While a few market experts see the telecom industry benefiting from the ongoing consolidating in the space, Shankar Sharma of First Global says that he stopped buying shares from the industry way back in 2007, and the space is slated to continue to experience distress. In an interview to ET Now earlier this week, Shankar Sharma pointed out that the sector had done well previously, however, now he expects the growth to remain flat. “Globally, mobile operators have a huge growth spurt and so the charts do very well, stocks do very well and then the stock just flat lines like a dead patient’s ECG,” Shankar Sharma said adding that these shares, including Bharti Airtel will remain a flat line stock.
Notably, while many top experts have repeatedly reiterated that Bharti Airtel is under pressure from Mukesh Ambani-led Reliance Jio, the shares of Sunil Mittal-run major had an excellent run at the bourses, returning more than 72% in 2017. However, 2018 has been a forgettable year for the shares, as they have corrected by nearly 20% since January.

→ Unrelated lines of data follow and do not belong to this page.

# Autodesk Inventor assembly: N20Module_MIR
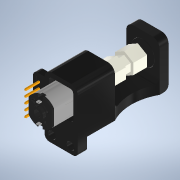
[picture p0: Inventor's stored thumbnail of the model, 180x180]
Saved by Autodesk Inventor 2022 (Build 260153000, 153)
## iProperties
Created: 2021-12-07
Part Number: N20Module_MIR
Document SubType Name: Assembly
Designer: JK
Author: JK
## Documents named in this file (6)
- C:\Users\JK\Documents\Inventor\N20 Leg Actuator\N20-Leg-Actuator\CADfiles\N20Module\N20Module_MIR.iam
- C:\Users\JK\Documents\Inventor\N20 Leg Actuator\N20-Leg-Actuator\CADfiles\N20Module\Case_MIR.ipt
- C:\Users\JK\Documents\Inventor\N20 Leg Actuator\N20-Leg-Actuator\CADfiles\N20Module\Brushed DC Motor v8_MIR.iam
- C:\Users\JK\Documents\Inventor\N20 Leg Actuator\N20-Leg-Actuator\CADfiles\N20Module\ServoPot_MIR.ipt
- C:\Users\JK\Documents\Inventor\N20 Leg Actuator\N20-Leg-Actuator\CADfiles\N20Module\Couple_MIR.ipt
- C:\Users\JK\Documents\Inventor\N20 Leg Actuator\N20-Leg-Actuator\CADfiles\N20Module\5pinheader_MIR.ipt
## Components (5 placed, 5 different names)
1. Case_MIR:1 — Coincidencia:2, Ángulo:1, Coincidencia:1, Nivelación:1, Coincidencia:7, Coincidencia:6
2. Brushed DC Motor v8_MIR:1 [sub-assembly] — Coincidencia:2, Ángulo:1, Coincidencia:1, Coincidencia:3, Coincidencia:5
3. ServoPot_MIR:1 — Coincidencia:3, Coincidencia:8
4. Couple_MIR:1 — Coincidencia:8, Coincidencia:5
5. 5pinheader_MIR:1 — Nivelación:1, Coincidencia:7, Coincidencia:6
## Relationships (9: Mate 7, Angle 1, Flush 1)
- Coincidencia:2 [Mate]: Case_MIR:1 ↔ Brushed DC Motor v8_MIR:1
- Ángulo:1 [Angle] (0 deg): Case_MIR:1 ↔ Brushed DC Motor v8_MIR:1
- Coincidencia:1 [Mate]: Case_MIR:1 ↔ Brushed DC Motor v8_MIR:1
- Coincidencia:3 [Mate]: Brushed DC Motor v8_MIR:1 ↔ ServoPot_MIR:1
- Coincidencia:8 [Mate]: ServoPot_MIR:1 ↔ Couple_MIR:1
- Coincidencia:5 [Mate]: Brushed DC Motor v8_MIR:1 ↔ Couple_MIR:1
- Nivelación:1 [Flush]: Case_MIR:1 ↔ 5pinheader_MIR:1
- Coincidencia:7 [Mate] (0.1 mm): Case_MIR:1 ↔ 5pinheader_MIR:1
- Coincidencia:6 [Mate] (0.1 mm): Case_MIR:1 ↔ 5pinheader_MIR:1

Shankar Sharma says that the subscriber growth seems to have peaked and the ARPU numbers don’t seem to be coming through. “We stopped looking at the sector in 2007 December and that is when we published three pieces of research saying you are looking at flat lining of ARPU numbers if not outright decline, subscriber growth has already reach a fairly high level,” Sharma said in the same interview adding that he had no idea about Reliance Jio back then and Reliance Communication wasn’t a factor.
Earlier last week, the Union Cabinet relaxed spectrum holding limits and allowed telcos more time to pay for airwaves won in auction in a bid to to improve the debt-heavy and financially stressed telecom industry, a move seen to boost consolidation in the industry, with a major Idea- Vodafone merger already on the cards. While experts welcomed the move, they say that more needs to be done to provide relief to the telecom sector, which collectively owes banks/others Rs 4.6 lakh crore for and has deferred payment liabilities to the government of Rs 3.1 lakh crore. According to a recent Jefferies report, the move does little to mend balance sheets of the incumbent players as major telecom players find it difficult to service debts.